I never have liked carrying a hiking staff. It just seemed like something else to have to carry. I understand the need for one and often wished I had one for stream crossing. Sometimes I've been able to find a stick.
One reason I don't like to carry one is because I like to adjust my pack a lot, lift it up with my hands from time to time, and move my shoulder straps in and out. 
Maybe if I had a newer internal frame pack it would fit so much better that I wouldn't feel the need to do that.
Navigation? I thought that was what blazes were for. Do cell phone GPS's work?
What is cordage and cutting?


----------



## 660griz (Jan 28, 2015)

Artfuldodger said:


> I never have liked carrying a hiking staff. It just seemed like something else to have to carry. I understand the need for one and often wished I had one for stream crossing.


 I don't like carrying them either. Saved my booty a few times though. 


> Navigation? I thought that was what blazes were for.


 Yea. Just ignore me. I go a little overboard. I pack with the assumption that I am going to get off trail and get lost. I have been hiking along and the trail just disappear. (Wife was leading. ) Glad I had a GPS. 





> Do cell phone GPS's work?


 Probably.


> What is cordage and cutting?


 Para cord and knife(s).  Once again, I pack every time like it is the apocalypse and this is my bug out bag. 
Oh, and first aid. Which does include duct tape. I take a fishing kit unless I am in the desert. I also take at least 3 methods of starting a fire with cotton balls/Vaseline.


----------



## Artfuldodger (Jan 28, 2015)

I've come to a fork in the trail before where the blazes weren't very well marked. We did have a map and ended up going the correct way but it was iffy until we got to the drop off vehicle.
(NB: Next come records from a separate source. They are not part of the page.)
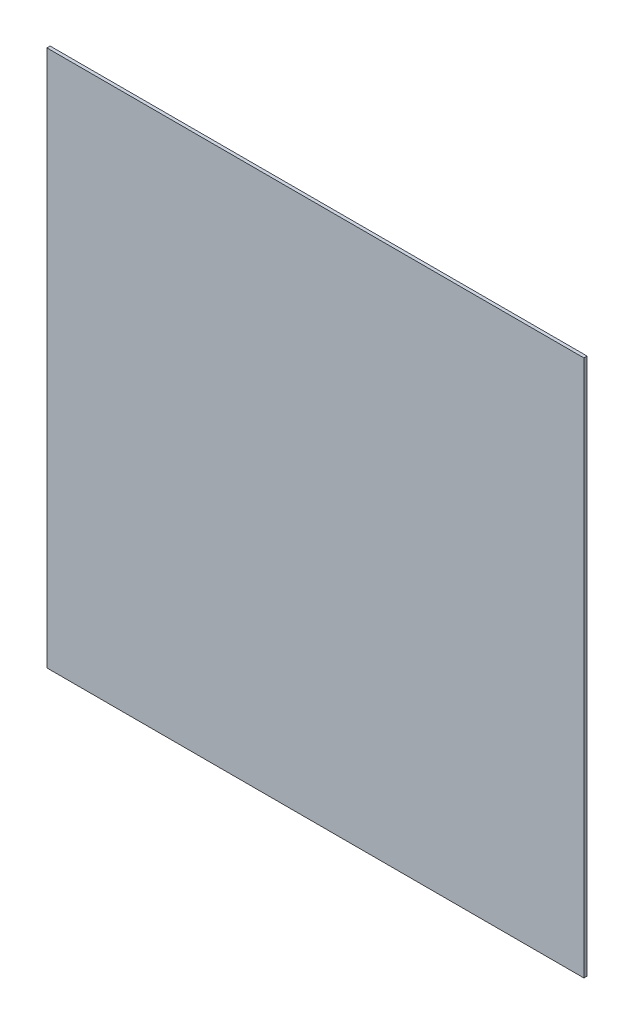
from build123d import *

# Parameters (mm, degrees)
SKETCH1_W           = 500
SKETCH1_H           = 500
BOSS_EXTRUDE1_DEPTH = 1.5


with BuildPart() as part:
    # Sketch1 → Boss-Extrude1 (new, symmetric)
    with BuildSketch(Plane.XY):
        Rectangle(SKETCH1_W, SKETCH1_H)
    extrude(amount=BOSS_EXTRUDE1_DEPTH, both=True)


solid = part.part

Yeah, I'm all for carrying cord, knife, and emergency/survival items. I don't carry a large hunting knife though. Probably just a pocket folder.


----------



## 660griz (Jan 28, 2015)

Artfuldodger said:


> I've come to a fork in the trail before where the blazes weren't very well marked. We did have a map and ended up going the correct way but it was iffy until we got to the drop off vehicle.
> 
> Yeah, I'm all for carrying cord, knife, and emergency/survival items. I don't carry a large hunting knife though. Probably just a pocket folder.



I carry a large knife, and probably a couple folders and a multi-tool. 
I carry way too much. 
Headlamp, couple flashlights and spare batteries.


----------



## HuntinTom (Jan 28, 2015)

I was bitten by the light-weight bug a few years ago, and through a lot of trial and error, and, trying different products, I've dropped my spring/summer, two night/three day weight down from about 40 pounds to 16 pounds - and that includes food for the three days, fuel for cooking, and water (That's enough water to get me from water source to water source - So, it's provisional on having water at least every 6 or so miles).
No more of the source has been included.